## Excerpts from a dataset
+ + + + + + +
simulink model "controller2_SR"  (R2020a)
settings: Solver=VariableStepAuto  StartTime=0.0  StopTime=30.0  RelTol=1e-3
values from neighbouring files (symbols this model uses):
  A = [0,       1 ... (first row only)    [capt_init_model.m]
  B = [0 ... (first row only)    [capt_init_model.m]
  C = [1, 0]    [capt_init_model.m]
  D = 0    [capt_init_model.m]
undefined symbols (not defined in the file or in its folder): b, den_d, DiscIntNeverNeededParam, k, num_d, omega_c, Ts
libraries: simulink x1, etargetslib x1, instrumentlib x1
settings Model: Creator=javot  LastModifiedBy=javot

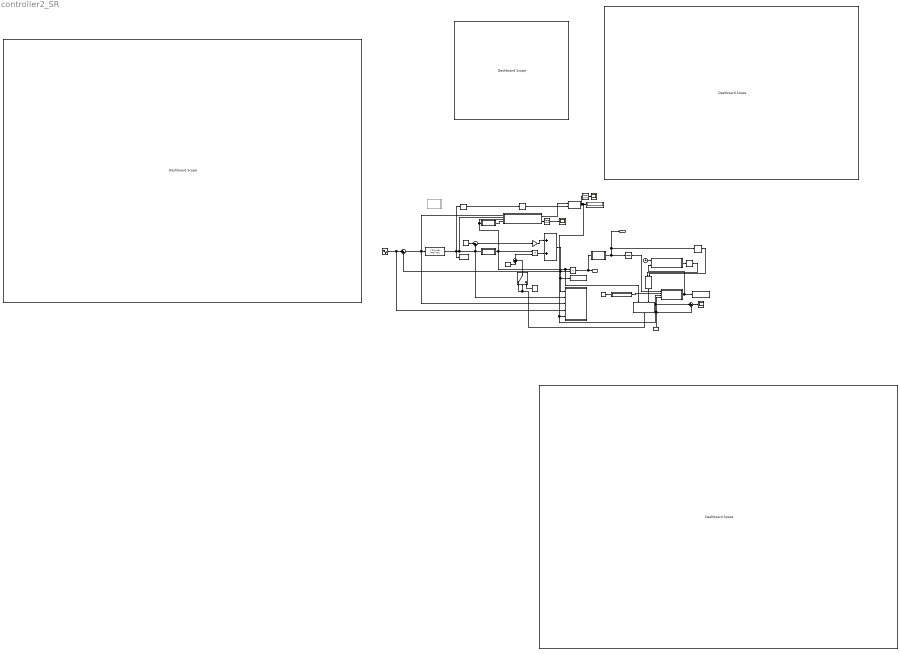
== system controller2_SR ==
  Add : Sum
  Cast To Double1 : DataTypeConversion  OutDataTypeStr=double
  Clock : Clock
  Constant2 : Constant  Value=0
  Dashboard Scope{,1..3} (4 alike) : DashboardScope
  Delay : Delay  DelayLength=1
  Delay1 : Delay  DelayLength=1
  Discrete-Time Integrator : DiscreteIntegrator  gainval=deltaT  SampleTime=-1  ICPrevOutput=DiscIntNeverNeededParam  ICPrevScaledInput=DiscIntNeverNeededParam
  Display : Display
  Energy_observer : MATLAB Function  TreatAsAtomicUnit=on
  Hit Crossing : HitCross
  Init_virtual_damping : Constant  Value=b
  MinMax Running Resettable : simulink/Math Operations/MinMax Running Resettable  Function=max  vinit=0.0
  Motor_state_space : StateSpace  A=A  B=B  C=C  D=D  InitialCondition=0  ContinuousStateAttributes="\"\""
  Product : Product
  Product2 : Product
  Rate Limiter : RateLimiter  SampleTimeMode=inherited
  Rate Limiter1 : RateLimiter  SampleTimeMode=inherited
  Scope13 : Scope
  Scope6 : Scope
  Subsystem : Subsystem
  Sum : Sum  Inputs=|++
  Sum1 : Sum  Inputs=|+-
  Sum2 : Sum  Inputs=|-+
  Sum4 : Sum  Inputs=|+-
  Switch1 : Switch  Criteria=u2 > Threshold  Threshold=0.001
  System_matrix : Constant  Value=A
  Time_window_est : MATLAB Function  TreatAsAtomicUnit=on
  Tw : ToWorkspace  VariableName=tw  SaveFormat=Timeseries  SampleTime=-1
  angle : ToWorkspace  VariableName=angle  SaveFormat=Timeseries  SampleTime=-1
  dominant_system_eigs : MATLAB Function  TreatAsAtomicUnit=on
  energy_trigger : MATLAB Function  TreatAsAtomicUnit=on
  impd_mismatch : Scope
  impedance_estimation : MATLAB Function  TreatAsAtomicUnit=on
  inital_excitation : Sin  SampleTime=Ts
  inject_cycle : MATLAB Function  TreatAsAtomicUnit=on
  kappas : Constant  Value=13.14
  number_crossings_zero : MATLAB Function  Commented=on  TreatAsAtomicUnit=on
  smooth_derivative : Subsystem
  smooth_derivative1 : Subsystem
  stiffness : Gain  Gain=k
  theta_ref : Constant  Value=0
  to_be_transm_outputs : Subsystem
  torque : ToWorkspace  VariableName=torque  SaveFormat=Timeseries  SampleTime=-1
  Running_energy : Outport
  Observed_energy : Outport  Port=2
  wires:
  Sum2/1 -> stiffness/1  "theta_error"
  Sum1/1 -> to_be_transm_outputs/3(state_in), Motor_state_space/1, impedance_estimation/1(tau_h)
  stiffness/1 -> Add/1
  Energy_observer/1(y) -> Delay/1, Observed_energy/1, Discrete-Time Integrator/1
  Product/1 -> Energy_observer/1(e_n), Running_energy/1
  Motor_state_space/1 -> impedance_estimation/2(theta), smooth_derivative/1(theta), to_be_transm_outputs/2(theta), Sum2/2, angle/1, Hit Crossing/1  "theta"
  Add/1 -> Product/2, Sum1/2, torque/1, to_be_transm_outputs/1(saturated_torque)
  Product2/1 -> Add/2
  theta_ref/1 -> Sum2/1
  Init_virtual_damping/1 -> Sum/1
  Sum/1 -> Product2/2  "total_damping"
  System_matrix/1 -> dominant_system_eigs/1(A)
  dominant_system_eigs/1(lambda_dom) -> Time_window_est/2(lambda_d)
  Time_window_est/1(time_win) -> Tw/1, inject_cycle/2(tw)  "Tw"
  Switch1/1 -> Sum/2
  Constant2/1 -> Switch1/3
  Discrete-Time Integrator/1 -> Time_window_est/1(E_err)
  Delay/1 -> energy_trigger/2(energy_in)
  energy_trigger/1(Einj) -> Subsystem/2(In2)
  inject_cycle/1(track_energy_cycle) -> Delay1/1
  Delay1/1 -> energy_trigger/1(trigger)
  Subsystem/1(Adaptive_damping) -> Switch1/1, Switch1/2  "extra_damping"
  Sum4/1 -> impd_mismatch/1
  kappas/1 -> Time_window_est/4(Zd), Sum4/2
  Clock/1 -> inject_cycle/1(time)
  inital_excitation/1 -> to_be_transm_outputs/4(init_excitation), Sum1/1
  smooth_derivative/1(theta_dot) -> Product2/1, Subsystem/1(omega), Product/1, impedance_estimation/3(omega), smooth_derivative1/1(theta)
  smooth_derivative1/1(theta_dot) -> impedance_estimation/4(alpha_acc)
  impedance_estimation/1(k_theta_est) -> MinMax Running Resettable/1
  Cast To Double1/1 -> MinMax Running Resettable/2  "reset_signal"
  MinMax Running Resettable/1 -> Rate Limiter/1, Sum4/1, Time_window_est/3(Z), to_be_transm_outputs/5(impedance), Display/1
  Hit Crossing/1 -> Cast To Double1/1
  Rate Limiter/1 -> Scope6/1
  impedance_estimation/2(b_theta_est) -> Rate Limiter1/1
  Rate Limiter1/1 -> Scope13/1

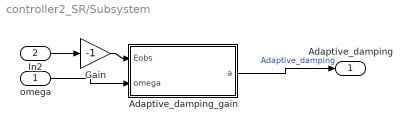
== system controller2_SR/Subsystem ==
  omega : Inport
  In2 : Inport  Port=2
  Adaptive_damping_gain : MATLAB Function  TreatAsAtomicUnit=on
  Gain : Gain  Gain=-1
  Adaptive_damping : Outport
  wires:
  In2/1 -> Gain/1
  Gain/1 -> Adaptive_damping_gain/1(Eobs)
  Adaptive_damping_gain/1(a) -> Adaptive_damping/1  "Adaptive_damping"
  omega/1 -> Adaptive_damping_gain/2(omega)

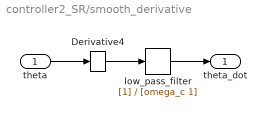
== system controller2_SR/smooth_derivative ==
  theta : Inport
  Derivative4 : Derivative
  low_pass_filter : TransferFcn  Denominator=[omega_c 1]
  theta_dot : Outport
  wires:
  Derivative4/1 -> low_pass_filter/1
  theta/1 -> Derivative4/1
  low_pass_filter/1 -> theta_dot/1

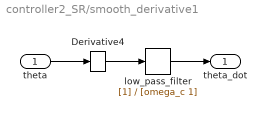
== system controller2_SR/smooth_derivative1 ==
  theta : Inport
  Derivative4 : Derivative
  low_pass_filter : TransferFcn  Denominator=[omega_c 1]
  theta_dot : Outport
  wires:
  Derivative4/1 -> low_pass_filter/1
  theta/1 -> Derivative4/1
  low_pass_filter/1 -> theta_dot/1

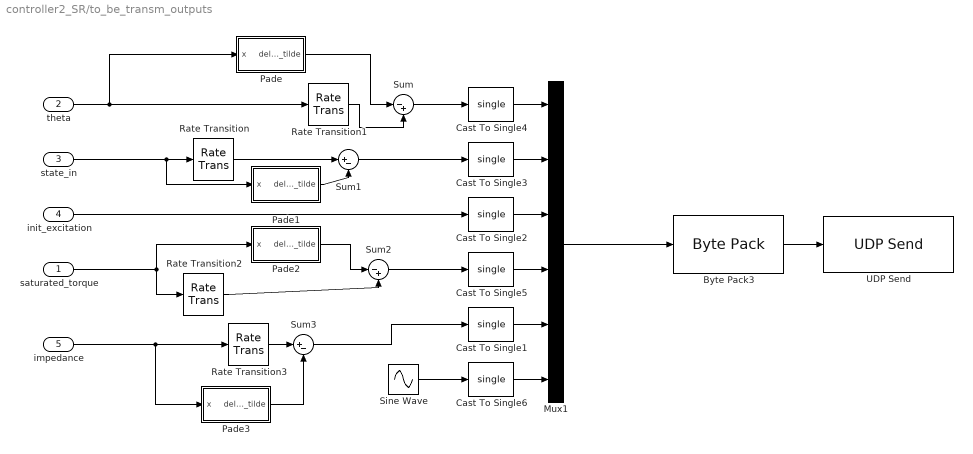
== system controller2_SR/to_be_transm_outputs ==
  saturated_torque : Inport
  theta : Inport  Port=2
  state_in : Inport  Port=3
  init_excitation : Inport  Port=4
  impedance : Inport  Port=5
  Byte Pack3 : etargetslib/Byte Pack  datatypes={'single'}  byteAlign=1
  Cast To Single{1..6} (6 alike) : DataTypeConversion  OutDataTypeStr=single
  Mux1 : Mux  Inputs=6
  Pade : Subsystem
  Pade1 : Subsystem
  Pade2 : Subsystem
  Pade3 : Subsystem
  Rate Transition{,1..3} (4 alike) : RateTransition
  Sine Wave : Sin  SampleTime=0.001
  Sum : Sum  Inputs=|-+
  Sum1 : Sum  Inputs=|+-
  Sum2 : Sum  Inputs=|-+
  Sum3 : Sum  Inputs=|+-
  UDP Send : instrumentlib/UDP Send  Host=134.105.60.99  Port=55001  LocalPort=-1  EnablePortSharing=off  ByteOrder=BigEndian  OutputDatagramPacketSize=512  EnableBlockingMode=on  LocalAddress=0.0.0.0
  wires:
  Byte Pack3/1 -> UDP Send/1
  Mux1/1 -> Byte Pack3/1
  Sine Wave/1 -> Cast To Single6/1
  init_excitation/1 -> Cast To Single2/1
  theta/1 -> Pade/1(x), Rate Transition1/1
  saturated_torque/1 -> Pade2/1(x), Rate Transition2/1
  impedance/1 -> Pade3/1(x), Rate Transition3/1
  Cast To Single4/1 -> Mux1/1
  Cast To Single3/1 -> Mux1/2
  Cast To Single5/1 -> Mux1/4
  Cast To Single2/1 -> Mux1/3
  Cast To Single1/1 -> Mux1/5
  Cast To Single6/1 -> Mux1/6
  Rate Transition1/1 -> Sum/2
  Sum/1 -> Cast To Single4/1
  Rate Transition/1 -> Sum1/1
  Sum1/1 -> Cast To Single3/1
  Rate Transition2/1 -> Sum2/2
  Sum2/1 -> Cast To Single5/1
  Rate Transition3/1 -> Sum3/1
  Sum3/1 -> Cast To Single1/1
  state_in/1 -> Pade1/1(x), Rate Transition/1
  Pade2/1(delay_tilde) -> Sum2/1
  Pade/1(delay_tilde) -> Sum/1
  Pade1/1(delay_tilde) -> Sum1/2
  Pade3/1(delay_tilde) -> Sum3/2

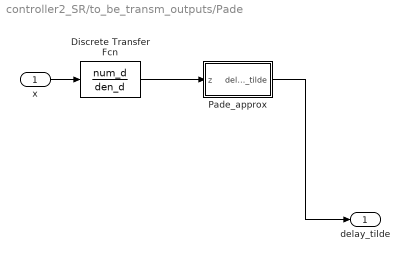
== system controller2_SR/to_be_transm_outputs/Pade ==
  x : Inport
  Discrete Transfer Fcn : DiscreteTransferFcn  Numerator=num_d  Denominator=den_d
  Pade_approx : MATLAB Function  TreatAsAtomicUnit=on
  delay_tilde : Outport
  wires:
  Discrete Transfer Fcn/1 -> Pade_approx/1(z)
  Pade_approx/1(delay_tilde) -> delay_tilde/1
  x/1 -> Discrete Transfer Fcn/1

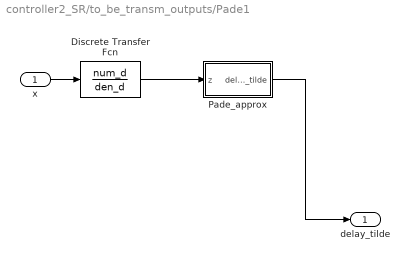
== system controller2_SR/to_be_transm_outputs/Pade1 ==
  x : Inport
  Discrete Transfer Fcn : DiscreteTransferFcn  Numerator=num_d  Denominator=den_d
  Pade_approx : MATLAB Function  TreatAsAtomicUnit=on
  delay_tilde : Outport
  wires:
  Discrete Transfer Fcn/1 -> Pade_approx/1(z)
  Pade_approx/1(delay_tilde) -> delay_tilde/1
  x/1 -> Discrete Transfer Fcn/1

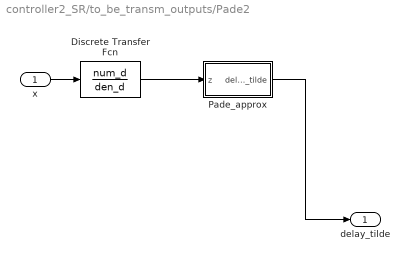
== system controller2_SR/to_be_transm_outputs/Pade2 ==
  x : Inport
  Discrete Transfer Fcn : DiscreteTransferFcn  Numerator=num_d  Denominator=den_d
  Pade_approx : MATLAB Function  TreatAsAtomicUnit=on
  delay_tilde : Outport
  wires:
  Discrete Transfer Fcn/1 -> Pade_approx/1(z)
  Pade_approx/1(delay_tilde) -> delay_tilde/1
  x/1 -> Discrete Transfer Fcn/1

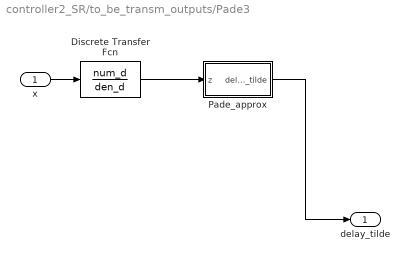
== system controller2_SR/to_be_transm_outputs/Pade3 ==
  x : Inport
  Discrete Transfer Fcn : DiscreteTransferFcn  Numerator=num_d  Denominator=den_d
  Pade_approx : MATLAB Function  TreatAsAtomicUnit=on
  delay_tilde : Outport
  wires:
  Discrete Transfer Fcn/1 -> Pade_approx/1(z)
  Pade_approx/1(delay_tilde) -> delay_tilde/1
  x/1 -> Discrete Transfer Fcn/1

== matlab function controller2_SR/number_crossings_zero ==
  settings: updateMethod=DISCRETE
  data: angle input; crossings output
function crossings = fcn(angle)

persistent prev_angle crossings_count

if isempty(prev_angle)
    prev_angle = angle;
    crossings_count = 0;
end

% Detect sign change (zero crossing)
if (angle > 0 && prev_angle < 0) || (angle < 0 && prev_angle > 0)
    crossings_count = crossings_count + 1;
end

% Update previous value
prev_angle = angle;

% Output
crossings = crossings_count;

end

== matlab function controller2_SR/to_be_transm_outputs/Pade1/Pade_approx ==
  data: delay_tilde output; z input
function delay_tilde= fcn(z)
persistent z_prev; 
persistent delay_prev;

if isempty(z_prev)
    z_prev = 0;
    delay_prev = 0;
end
delay_tilde = z/3 + z_prev + (1/3)*delay_prev;
z_prev = z;
delay_prev = delay_tilde;

end

== matlab function controller2_SR/to_be_transm_outputs/Pade/Pade_approx ==
  data: delay_tilde output; z input
function delay_tilde= fcn(z)
persistent z_prev; 
persistent delay_prev;

if isempty(z_prev)
    z_prev = 0;
    delay_prev = 0;
end
delay_tilde = z/3 + z_prev + (1/3)*delay_prev;
z_prev = z;
delay_prev = delay_tilde;

end

== matlab function controller2_SR/to_be_transm_outputs/Pade2/Pade_approx ==
  data: delay_tilde output; z input
function delay_tilde= fcn(z)
persistent z_prev; 
persistent delay_prev;

if isempty(z_prev)
    z_prev = 0;
    delay_prev = 0;
end
delay_tilde = z/3 + z_prev + (1/3)*delay_prev;
z_prev = z;
delay_prev = delay_tilde;

end

== matlab function controller2_SR/to_be_transm_outputs/Pade3/Pade_approx ==
  data: delay_tilde output; z input
function delay_tilde= fcn(z)
persistent z_prev; 
persistent delay_prev;

if isempty(z_prev)
    z_prev = 0;
    delay_prev = 0;
end
delay_tilde = z/3 + z_prev + (1/3)*delay_prev;
z_prev = z;
delay_prev = delay_tilde;

end

== matlab function controller2_SR/Energy_observer ==
  settings: updateMethod=DISCRETE
  data: e_n input; y output
function y = fcn(e_n)

persistent e_prev

if isempty(e_prev)
    e_prev = 0.01;      % initial condition
end

y = e_n - e_prev;

e_prev = y;

== matlab function controller2_SR/inject_cycle ==
  settings: updateMethod=DISCRETE
  data: time input; track_energy_cycle output; tw input
function track_energy_cycle  = fcn(time, tw)

%Induction on time window 
persistent start_time 

if isempty(start_time)
    start_time = 0.0;
end 
if time-start_time>tw 
    track_energy_cycle = true;
    start_time = time;
else
    track_energy_cycle = false;
end 

end

== matlab function controller2_SR/Subsystem/Adaptive_damping_gain ==
  settings: updateMethod=DISCRETE
  data: Eobs input; a output; omega input
function a = fcn(Eobs, omega)

persistent a_prev

% Parameters
deltaT = 0.001;
omega_min = 1e-3;     % Prevent division by zero
a_min = 0.001;
a_max = 100;          

% Initialization
if isempty(a_prev)
    a_prev = 1e-4;
end

% Safe angular velocity
omega_safe = max(abs(omega), omega_min);

% Adaptation law
if Eobs < 0
    a = a_prev + Eobs/(deltaT*omega_safe^2);
else
    % Keep previous value instead of resetting
    a = a_prev;
end

% Saturation
a = min(max(a, a_min), a_max);

% Store for next iteration
a_prev = a;

end

== matlab function controller2_SR/Time_window_est ==
  settings: updateMethod=DISCRETE
  data: E_err input; time_win output; lambda_d input; Z input; Zd input
function time_win = Time_window_est(E_err, lambda_d, Z, Zd)
%#codegen
% TIME_WINDOW_EST Adaptive observation window estimator using 5-sample time-window
% local minimum detection based on Dinc et al. (IEEE TOH 2024).
%
% Inputs:
%   E_err    : Accumulated energy error/net energy [J]
%   lambda_d : Desired system eigenvalue / dynamic pole
%   Z        : Current impedance estimate
%   Zd       : Target/desired impedance
%
% Output:
%   time_win : Adaptive time window duration [s]

persistent E_window      % 5-sample window: [E(t-2), E(t-1), E(t), E(t+1), E(t+2)]
persistent t_prev        % Previous smoothed window output

%% Limits & Reference Gains
Tmin = 0.01;            % Minimum window time [s]
Tmax = 0.50;            % Maximum window time [s]

tau_min = Tmin;
tau_max = Tmax;

Eref = 1e-3;
k_energy = 0.8;
k_impedance = 0.8;
alpha_time = 0.25;      % Smoothing filter factor

%% Initialization
if isempty(E_window)
    E_window = zeros(5, 1);
    t_prev   = 0.1;
end

%% 1. Slide 5-Sample Time-Window (Fig. 4)
% Shift energy history left: t-2 <- t-1 <- t <- t+1 <- t+2
E_window(1) = E_window(2);
E_window(2) = E_window(3);
E_window(3) = E_window(4);
E_window(4) = E_window(5);
E_window(5) = E_err;

%% 2. Time-Window Local Minimum Detection (Eq. 10)
% Condition: E(t-2) > E(t-1) > E(t) < E(t+1) < E(t+2)
% Validates true energy cycle transition without noise-induced false triggers
is_cycle_min = (E_window(1) > E_window(2)) && ...
               (E_window(2) > E_window(3)) && ...
               (E_window(3) < E_window(4)) && ...
               (E_window(4) < E_window(5));

%% 3. System Time Constant Calculation
lambda_real = real(lambda_d);

if lambda_real < -1e-6
    tau_c = -1/lambda_real;
else
    tau_c = tau_max;
end

tau_c = min(max(tau_c, tau_min), tau_max);

%% 4. Normalized Error & Impedance Mismatch
energy_error = abs(E_err) / max(Eref, 1e-12);
impedance_error = norm(Z - Zd) / (norm(Zd) + 1e-12);

% Saturation bounds
energy_error = min(energy_error, 5.0);
impedance_error = min(impedance_error, 5.0);

%% 5. Adaptive Window Scaling (Integrating Paper's Cycle Detection)
% Basic error factor based on energy and impedance mismatch
error_factor = 1.0 / (1.0 + k_energy * energy_error + k_impedance * impedance_error);

% If time-window validates an energy cycle completion (local minimum),
% we confirm dynamic stability and scale toward the nominal target window.
if is_cycle_min
    cycle_factor = 1.0; 
else
    % During transient/noisy phases without cycle minimum, reduce window size
    cycle_factor = 0.5; 
end

% Combine candidate time window
time_candidate = tau_c * error_factor * cycle_factor;
time_candidate = min(max(time_candidate, Tmin), Tmax);

%% 6. Smooth Output Transition
time_win = (1.0 - alpha_time) * t_prev + alpha_time * time_candidate;
time_win = min(max(time_win, Tmin), Tmax);

t_prev = time_win;

end

== matlab function controller2_SR/dominant_system_eigs ==
  data: A input; lambda_dom output
function lambda_dom = fcn(A)

%Fetch eigs of system matrix and find the dominant one 
lambdas = eig(A);
[~, idx]= max(real(lambdas));
lambda_dom = lambdas(idx);

== matlab function controller2_SR/impedance_estimation ==
  settings: updateMethod=DISCRETE
  data: tau_h input; theta input; omega input; alpha_acc input; k_theta_est output; b_theta_est output
function [k_theta_est, b_theta_est] = fcn(tau_h, theta, omega, alpha_acc)
%#codegen

    % Persistent variables for RLS estimation memory
    persistent Theta P initialized
    
    % Configuration Parameters
    J = 0.0103;                % Device rotational inertia (kg*m^2)
    
    % Initialization on the first step
    if isempty(initialized)
        Theta = [0.0; 0.0];    % Initial parameter vector [k; b] starting at zero
        P = 100 * eye(2);      % Initial covariance matrix
        initialized = true;
    end
    
    % Default outputs to current estimates
    k_theta_est = Theta(1);
    b_theta_est = Theta(2);
    
    % Active motion and excitation check (prevents division by zero / noise drift)
    if abs(omega) > 0.005 || abs(theta) > 0.005
        
        % Regressor vector containing the independent variables [theta; omega]
        phi = [theta; omega];
        
        % Measured net torque available for spring and damper absorption
        y = tau_h - J * alpha_acc;
        
        % RLS Algorithm with Forgetting Factor (lambda)
        lambda = 0.98;         % Memory weighting (lower = faster tracking, higher = smoother)
        
        denominator = lambda + phi' * P * phi;
        
        if denominator > 1e-5
            % Compute Kalman-like gain vector
            K_gain = (P * phi) / denominator;
            
            % Prediction error based on current parameter guesses
            prediction_error = y - phi' * Theta;
            
            % Update parameter estimates [k; b]
            Theta = Theta + K_gain * prediction_error;
            
            % Update and bound covariance matrix P to prevent windup/explosion
            P_new = (P - K_gain * phi' * P) / lambda;
            if trace(P_new) < 1e5 && all(isfinite(P_new(:)))
                P = P_new;
            else
                P = 100 * eye(2); % Reset covariance safely if it tries to grow
            end
        end
        
    else
        % When inactive/stopped, gently leak/decay parameters back to zero
        decay = 0.02;
        Theta = Theta * (1 - decay);
    end
    
    % Strict physical bounding to guarantee meaningful and safe values
    k_theta_est = min(max(0, Theta(1)), 50000); % Bounded between 0 and 50,000 Nm/rad
    b_theta_est = min(max(0, Theta(2)), 200);   % Bounded between 0 and 200 Nms/rad
    
    % Final NaN/Inf safety net
    if ~isfinite(k_theta_est), k_theta_est = 0; end
    if ~isfinite(b_theta_est), b_theta_est = 0; end
    
    % Update persistent state vector
    Theta(1) = k_theta_est;
    Theta(2) = b_theta_est;
     % Low-pass filtering coefficient (closer to 1 = smoother, closer to 0 = faster)
    alpha_smooth = 0.05; 
     % Persistent variables for internal low-pass smoothing
    persistent k_filtered b_filtered
    if isempty(k_filtered)
        k_filtered = 0;
        b_filtered = 0;
    end
    
    k_filtered = (1 - alpha_smooth) * k_filtered + alpha_smooth * k_theta_est;
    b_filtered = (1 - alpha_smooth) * b_filtered + alpha_smooth * b_theta_est;
    
    % Final output assignment
    k_theta_est = k_filtered;
    b_theta_est = b_filtered;
end

== matlab function controller2_SR/energy_trigger ==
  data: trigger input; Einj output; energy_in input
function Einj = fcn(trigger, energy_in)

if trigger == true
    Einj = energy_in;
else 
    Einj = 0;
end

end
+ + + + + + +
## PROBLEM REQUIREMENTS
Copy out only the lines above from the one with "matlab function controller2_SR/inject_cycle" to the one with "using 5-sample time-window", inclusive, exactly as they stand.

## WORKED SOLUTION
== matlab function controller2_SR/inject_cycle ==
  settings: updateMethod=DISCRETE
  data: time input; track_energy_cycle output; tw input
function track_energy_cycle  = fcn(time, tw)

%Induction on time window 
persistent start_time 

if isempty(start_time)
    start_time = 0.0;
end 
if time-start_time>tw 
    track_energy_cycle = true;
    start_time = time;
else
    track_energy_cycle = false;
end 

end

== matlab function controller2_SR/Subsystem/Adaptive_damping_gain ==
  settings: updateMethod=DISCRETE
  data: Eobs input; a output; omega input
function a = fcn(Eobs, omega)

persistent a_prev

% Parameters
deltaT = 0.001;
omega_min = 1e-3;     % Prevent division by zero
a_min = 0.001;
a_max = 100;          

% Initialization
if isempty(a_prev)
    a_prev = 1e-4;
end

% Safe angular velocity
omega_safe = max(abs(omega), omega_min);

% Adaptation law
if Eobs < 0
    a = a_prev + Eobs/(deltaT*omega_safe^2);
else
    % Keep previous value instead of resetting
    a = a_prev;
end

% Saturation
a = min(max(a, a_min), a_max);

% Store for next iteration
a_prev = a;

end

== matlab function controller2_SR/Time_window_est ==
  settings: updateMethod=DISCRETE
  data: E_err input; time_win output; lambda_d input; Z input; Zd input
function time_win = Time_window_est(E_err, lambda_d, Z, Zd)
%#codegen
% TIME_WINDOW_EST Adaptive observation window estimator using 5-sample time-window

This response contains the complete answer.